Copy out exactly the lines below that run from the one holding "#9=PRODUCT_DEFINITION_SHAPE('','',#8);" to the one holding "#16=DIRECTION('',(0.,0.,1.));", keeping both of those lines and no others.

Stored dataset items:
───

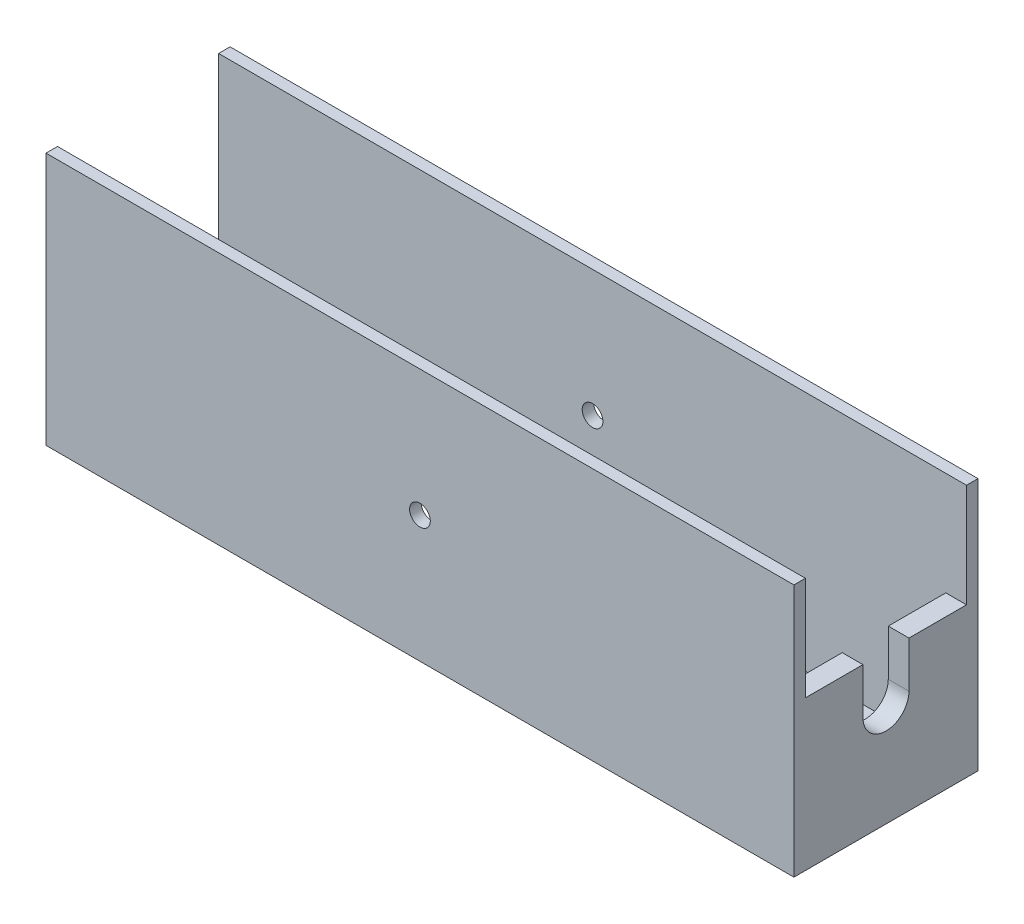
ISO-10303-21;
HEADER;
FILE_DESCRIPTION(('STEP AP214'),'2;1');
FILE_NAME('part.step','',(''),(''),'','','');
FILE_SCHEMA(('AUTOMOTIVE_DESIGN { 1 0 10303 214 1 1 1 1 }'));
ENDSEC;
DATA;
#1=APPLICATION_CONTEXT('core data for automotive mechanical design processes');
#2=APPLICATION_PROTOCOL_DEFINITION('international standard','automotive_design',2000,#1);
#3=PRODUCT_CONTEXT('',#1,'mechanical');
#4=PRODUCT('Part','Part','',(#3));
#5=PRODUCT_RELATED_PRODUCT_CATEGORY('part','',(#4));
#6=PRODUCT_DEFINITION_FORMATION('','',#4);
#7=PRODUCT_DEFINITION_CONTEXT('part definition',#1,'design');
#8=PRODUCT_DEFINITION('design','',#6,#7);
#9=PRODUCT_DEFINITION_SHAPE('','',#8);
#10=(LENGTH_UNIT() NAMED_UNIT(*) SI_UNIT(.MILLI.,.METRE.));
#11=(NAMED_UNIT(*) PLANE_ANGLE_UNIT() SI_UNIT($,.RADIAN.));
#12=(NAMED_UNIT(*) SI_UNIT($,.STERADIAN.) SOLID_ANGLE_UNIT());
#13=UNCERTAINTY_MEASURE_WITH_UNIT(LENGTH_MEASURE(1.E-05),#10,'distance_accuracy_value','');
#14=(GEOMETRIC_REPRESENTATION_CONTEXT(3) GLOBAL_UNCERTAINTY_ASSIGNED_CONTEXT((#13)) GLOBAL_UNIT_ASSIGNED_CONTEXT((#10,
#11,#12)) REPRESENTATION_CONTEXT('',''));
#15=CARTESIAN_POINT('',(0.,0.,0.));
#16=DIRECTION('',(0.,0.,1.));
#17=DIRECTION('',(1.,0.,0.));
#18=AXIS2_PLACEMENT_3D('',#15,#16,#17);
#19=CARTESIAN_POINT('',(0.,105.,0.));
#20=DIRECTION('',(0.,-1.,0.));
#21=DIRECTION('',(0.,0.,-1.));
#22=AXIS2_PLACEMENT_3D('',#19,#20,#21);
#23=PLANE('',#22);
#24=DIRECTION('',(-1.,0.,0.));
#25=VECTOR('',#24,1.);
#26=CARTESIAN_POINT('',(-150.609375415053,105.,-80.5076419213973));
#27=LINE('',#26,#25);
#28=CARTESIAN_POINT('',(162.5,105.,-80.5076419213973));
#29=VERTEX_POINT('',#28);
#30=CARTESIAN_POINT('',(-162.5,105.,-80.5076419213973));
#31=VERTEX_POINT('',#30);
#32=EDGE_CURVE('E48',#29,#31,#27,.T.);
#33=ORIENTED_EDGE('',*,*,#32,.F.);
#34=DIRECTION('',(0.,0.,1.));
#35=VECTOR('',#34,1.);
#36=CARTESIAN_POINT('',(162.5,105.,-85.5076419213973));
#37=LINE('',#36,#35);
#38=CARTESIAN_POINT('',(162.5,105.,-85.5076419213973));
#39=VERTEX_POINT('',#38);
#40=EDGE_CURVE('E238',#39,#29,#37,.T.);
#41=ORIENTED_EDGE('',*,*,#40,.F.);
#42=DIRECTION('',(1.,0.,0.));
#43=VECTOR('',#42,1.);
#44=CARTESIAN_POINT('',(-162.5,105.,-85.5076419213973));
#45=LINE('',#44,#43);
#46=CARTESIAN_POINT('',(-162.5,105.,-85.5076419213973));
#47=VERTEX_POINT('',#46);
#48=EDGE_CURVE('E234',#47,#39,#45,.T.);
#49=ORIENTED_EDGE('',*,*,#48,.F.);
#50=DIRECTION('',(0.,0.,-1.));
#51=VECTOR('',#50,1.);
#52=CARTESIAN_POINT('',(-162.5,105.,-80.5076419213973));
#53=LINE('',#52,#51);
#54=EDGE_CURVE('E230',#31,#47,#53,.T.);
#55=ORIENTED_EDGE('',*,*,#54,.F.);
#56=EDGE_LOOP('',(#33,#41,#49,#55));
#57=FACE_BOUND('',#56,.T.);
#58=ADVANCED_FACE('F33',(#57),#23,.F.);
#59=CARTESIAN_POINT('',(0.,0.,0.));
#60=DIRECTION('',(0.,-1.,0.));
#61=DIRECTION('',(0.,0.,-1.));
#62=AXIS2_PLACEMENT_3D('',#59,#60,#61);
#63=PLANE('',#62);
#64=DIRECTION('',(0.,0.,-1.));
#65=VECTOR('',#64,1.);
#66=CARTESIAN_POINT('',(-67.5,0.,-10.5076419213973));
#67=LINE('',#66,#65);
#68=CARTESIAN_POINT('',(-67.5,0.,-10.5076419213973));
#69=VERTEX_POINT('',#68);
#70=CARTESIAN_POINT('',(-67.5,0.,-80.5076419213973));
#71=VERTEX_POINT('',#70);
#72=EDGE_CURVE('E208',#69,#71,#67,.T.);
#73=ORIENTED_EDGE('',*,*,#72,.T.);
#74=DIRECTION('',(1.,0.,0.));
#75=VECTOR('',#74,1.);
#76=CARTESIAN_POINT('',(-150.609375415053,0.,-80.5076419213973));
#77=LINE('',#76,#75);
#78=CARTESIAN_POINT('',(-162.5,0.,-80.5076419213973));
#79=VERTEX_POINT('',#78);
#80=EDGE_CURVE('E231',#79,#71,#77,.T.);
#81=ORIENTED_EDGE('',*,*,#80,.F.);
#82=DIRECTION('',(0.,0.,1.));
#83=VECTOR('',#82,1.);
#84=CARTESIAN_POINT('',(-162.5,0.,-5.50764192139734));
#85=LINE('',#84,#83);
#86=CARTESIAN_POINT('',(-162.5,0.,-10.5076419213973));
#87=VERTEX_POINT('',#86);
#88=EDGE_CURVE('E261',#79,#87,#85,.T.);
#89=ORIENTED_EDGE('',*,*,#88,.T.);
#90=DIRECTION('',(1.,0.,0.));
#91=VECTOR('',#90,1.);
#92=CARTESIAN_POINT('',(-150.609375415053,0.,-10.5076419213973));
#93=LINE('',#92,#91);
#94=EDGE_CURVE('E250',#87,#69,#93,.T.);
#95=ORIENTED_EDGE('',*,*,#94,.T.);
#96=EDGE_LOOP('',(#73,#81,#89,#95));
#97=FACE_BOUND('',#96,.T.);
#98=ADVANCED_FACE('F352',(#97),#63,.F.);
#99=CARTESIAN_POINT('',(0.,-5.,0.));
#100=DIRECTION('',(0.,-1.,0.));
#101=DIRECTION('',(0.,0.,-1.));
#102=AXIS2_PLACEMENT_3D('',#99,#100,#101);
#103=PLANE('',#102);
#104=DIRECTION('',(0.,0.,-1.));
#105=VECTOR('',#104,1.);
#106=CARTESIAN_POINT('',(162.5,-5.,-5.50764192139734));
#107=LINE('',#106,#105);
#108=CARTESIAN_POINT('',(162.5,-5.,-5.50764192139734));
#109=VERTEX_POINT('',#108);
#110=CARTESIAN_POINT('',(162.5,-5.,-85.5076419213973));
#111=VERTEX_POINT('',#110);
#112=EDGE_CURVE('E268',#109,#111,#107,.T.);
#113=ORIENTED_EDGE('',*,*,#112,.F.);
#114=DIRECTION('',(1.,0.,0.));
#115=VECTOR('',#114,1.);
#116=CARTESIAN_POINT('',(-162.5,-5.,-5.50764192139734));
#117=LINE('',#116,#115);
#118=CARTESIAN_POINT('',(-162.5,-5.,-5.50764192139734));
#119=VERTEX_POINT('',#118);
#120=EDGE_CURVE('E277',#119,#109,#117,.T.);
#121=ORIENTED_EDGE('',*,*,#120,.F.);
#122=DIRECTION('',(0.,0.,1.));
#123=VECTOR('',#122,1.);
#124=CARTESIAN_POINT('',(-162.5,-5.,-5.50764192139734));
#125=LINE('',#124,#123);
#126=CARTESIAN_POINT('',(-162.5,-5.,-85.5076419213973));
#127=VERTEX_POINT('',#126);
#128=EDGE_CURVE('E274',#127,#119,#125,.T.);
#129=ORIENTED_EDGE('',*,*,#128,.F.);
#130=DIRECTION('',(-1.,0.,0.));
#131=VECTOR('',#130,1.);
#132=CARTESIAN_POINT('',(-162.5,-5.,-85.5076419213973));
#133=LINE('',#132,#131);
#134=EDGE_CURVE('E271',#111,#127,#133,.T.);
#135=ORIENTED_EDGE('',*,*,#134,.F.);
#136=EDGE_LOOP('',(#113,#121,#129,#135));
#137=FACE_BOUND('',#136,.T.);
#138=DIRECTION('',(0.,0.,1.));
#139=VECTOR('',#138,1.);
#140=CARTESIAN_POINT('',(52.5,-5.,0.));
#141=LINE('',#140,#139);
#142=CARTESIAN_POINT('',(52.5,-5.,-80.5076419213973));
#143=VERTEX_POINT('',#142);
#144=CARTESIAN_POINT('',(52.5,-5.,-10.5076419213973));
#145=VERTEX_POINT('',#144);
#146=EDGE_CURVE('E298',#143,#145,#141,.T.);
#147=ORIENTED_EDGE('',*,*,#146,.F.);
#148=DIRECTION('',(-1.,0.,0.));
#149=VECTOR('',#148,1.);
#150=CARTESIAN_POINT('',(0.,-5.,-80.5076419213973));
#151=LINE('',#150,#149);
#152=CARTESIAN_POINT('',(-67.5,-5.,-80.5076419213973));
#153=VERTEX_POINT('',#152);
#154=EDGE_CURVE('E300',#143,#153,#151,.T.);
#155=ORIENTED_EDGE('',*,*,#154,.T.);
#156=DIRECTION('',(0.,0.,1.));
#157=VECTOR('',#156,1.);
#158=CARTESIAN_POINT('',(-67.5,-5.,0.));
#159=LINE('',#158,#157);
#160=CARTESIAN_POINT('',(-67.5,-5.,-10.5076419213973));
#161=VERTEX_POINT('',#160);
#162=EDGE_CURVE('E286',#153,#161,#159,.T.);
#163=ORIENTED_EDGE('',*,*,#162,.T.);
#164=DIRECTION('',(-1.,0.,0.));
#165=VECTOR('',#164,1.);
#166=CARTESIAN_POINT('',(0.,-5.,-10.5076419213973));
#167=LINE('',#166,#165);
#168=EDGE_CURVE('E296',#145,#161,#167,.T.);
#169=ORIENTED_EDGE('',*,*,#168,.F.);
#170=EDGE_LOOP('',(#147,#155,#163,#169));
#171=FACE_BOUND('',#170,.T.);
#172=ADVANCED_FACE('F336',(#137,#171),#103,.T.);
#173=CARTESIAN_POINT('',(52.5,0.,-80.5076419213973));
#174=VERTEX_POINT('',#173);
#175=CARTESIAN_POINT('',(153.5,0.,-80.5076419213973));
#176=VERTEX_POINT('',#175);
#177=EDGE_CURVE('E256',#174,#176,#77,.T.);
#178=ORIENTED_EDGE('',*,*,#177,.F.);
#179=DIRECTION('',(0.,0.,-1.));
#180=VECTOR('',#179,1.);
#181=CARTESIAN_POINT('',(52.5,0.,-10.5076419213973));
#182=LINE('',#181,#180);
#183=CARTESIAN_POINT('',(52.5,0.,-10.5076419213973));
#184=VERTEX_POINT('',#183);
#185=EDGE_CURVE('E205',#184,#174,#182,.T.);
#186=ORIENTED_EDGE('',*,*,#185,.F.);
#187=CARTESIAN_POINT('',(153.5,0.,-10.5076419213973));
#188=VERTEX_POINT('',#187);
#189=EDGE_CURVE('E228',#184,#188,#93,.T.);
#190=ORIENTED_EDGE('',*,*,#189,.T.);
#191=DIRECTION('',(0.,0.,-1.));
#192=VECTOR('',#191,1.);
#193=CARTESIAN_POINT('',(153.5,0.,-10.5076419213973));
#194=LINE('',#193,#192);
#195=EDGE_CURVE('E253',#188,#176,#194,.T.);
#196=ORIENTED_EDGE('',*,*,#195,.T.);
#197=EDGE_LOOP('',(#178,#186,#190,#196));
#198=FACE_BOUND('',#197,.T.);
#199=ADVANCED_FACE('F364',(#198),#63,.F.);
#200=CARTESIAN_POINT('',(162.5,-5.,-5.50764192139734));
#201=DIRECTION('',(1.,0.,0.));
#202=DIRECTION('',(0.,0.,-1.));
#203=AXIS2_PLACEMENT_3D('',#200,#201,#202);
#204=PLANE('',#203);
#205=DIRECTION('',(0.,-1.,0.));
#206=VECTOR('',#205,1.);
#207=CARTESIAN_POINT('',(162.5,0.,-10.5076419213973));
#208=LINE('',#207,#206);
#209=CARTESIAN_POINT('',(162.5,105.,-10.5076419213973));
#210=VERTEX_POINT('',#209);
#211=CARTESIAN_POINT('',(162.5,60.,-10.5076419213973));
#212=VERTEX_POINT('',#211);
#213=EDGE_CURVE('E191',#210,#212,#208,.T.);
#214=ORIENTED_EDGE('',*,*,#213,.F.);
#215=CARTESIAN_POINT('',(162.5,105.,-5.50764192139734));
#216=VERTEX_POINT('',#215);
#217=EDGE_CURVE('E237',#210,#216,#37,.T.);
#218=ORIENTED_EDGE('',*,*,#217,.T.);
#219=DIRECTION('',(0.,1.,0.));
#220=VECTOR('',#219,1.);
#221=CARTESIAN_POINT('',(162.5,-5.,-5.50764192139734));
#222=LINE('',#221,#220);
#223=EDGE_CURVE('E283',#109,#216,#222,.T.);
#224=ORIENTED_EDGE('',*,*,#223,.F.);
#225=ORIENTED_EDGE('',*,*,#112,.T.);
#226=DIRECTION('',(0.,1.,0.));
#227=VECTOR('',#226,1.);
#228=CARTESIAN_POINT('',(162.5,-5.,-85.5076419213973));
#229=LINE('',#228,#227);
#230=EDGE_CURVE('E280',#111,#39,#229,.T.);
#231=ORIENTED_EDGE('',*,*,#230,.T.);
#232=ORIENTED_EDGE('',*,*,#40,.T.);
#233=DIRECTION('',(0.,-1.,0.));
#234=VECTOR('',#233,1.);
#235=CARTESIAN_POINT('',(162.5,0.,-80.5076419213973));
#236=LINE('',#235,#234);
#237=CARTESIAN_POINT('',(162.5,60.,-80.5076419213973));
#238=VERTEX_POINT('',#237);
#239=EDGE_CURVE('E186',#29,#238,#236,.T.);
#240=ORIENTED_EDGE('',*,*,#239,.T.);
#241=DIRECTION('',(0.,0.,-1.));
#242=VECTOR('',#241,1.);
#243=CARTESIAN_POINT('',(162.5,60.,0.));
#244=LINE('',#243,#242);
#245=CARTESIAN_POINT('',(162.5,60.,-55.5076419213974));
#246=VERTEX_POINT('',#245);
#247=EDGE_CURVE('E184',#246,#238,#244,.T.);
#248=ORIENTED_EDGE('',*,*,#247,.F.);
#249=DIRECTION('',(0.,-1.,0.));
#250=VECTOR('',#249,1.);
#251=CARTESIAN_POINT('',(162.5,0.,-55.5076419213974));
#252=LINE('',#251,#250);
#253=CARTESIAN_POINT('',(162.5,40.,-55.5076419213974));
#254=VERTEX_POINT('',#253);
#255=EDGE_CURVE('E163',#246,#254,#252,.T.);
#256=ORIENTED_EDGE('',*,*,#255,.T.);
#257=CARTESIAN_POINT('',(162.5,40.,-45.5076419213974));
#258=DIRECTION('',(1.,0.,0.));
#259=DIRECTION('',(0.,0.,-1.));
#260=AXIS2_PLACEMENT_3D('',#257,#258,#259);
#261=CIRCLE('',#260,10.);
#262=CARTESIAN_POINT('',(162.5,40.,-35.5076419213974));
#263=VERTEX_POINT('',#262);
#264=EDGE_CURVE('E173',#263,#254,#261,.T.);
#265=ORIENTED_EDGE('',*,*,#264,.F.);
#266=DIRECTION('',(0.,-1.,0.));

───

Output below:
#9=PRODUCT_DEFINITION_SHAPE('','',#8);
#10=(LENGTH_UNIT() NAMED_UNIT(*) SI_UNIT(.MILLI.,.METRE.));
#11=(NAMED_UNIT(*) PLANE_ANGLE_UNIT() SI_UNIT($,.RADIAN.));
#12=(NAMED_UNIT(*) SI_UNIT($,.STERADIAN.) SOLID_ANGLE_UNIT());
#13=UNCERTAINTY_MEASURE_WITH_UNIT(LENGTH_MEASURE(1.E-05),#10,'distance_accuracy_value','');
#14=(GEOMETRIC_REPRESENTATION_CONTEXT(3) GLOBAL_UNCERTAINTY_ASSIGNED_CONTEXT((#13)) GLOBAL_UNIT_ASSIGNED_CONTEXT((#10,
#11,#12)) REPRESENTATION_CONTEXT('',''));
#15=CARTESIAN_POINT('',(0.,0.,0.));
#16=DIRECTION('',(0.,0.,1.));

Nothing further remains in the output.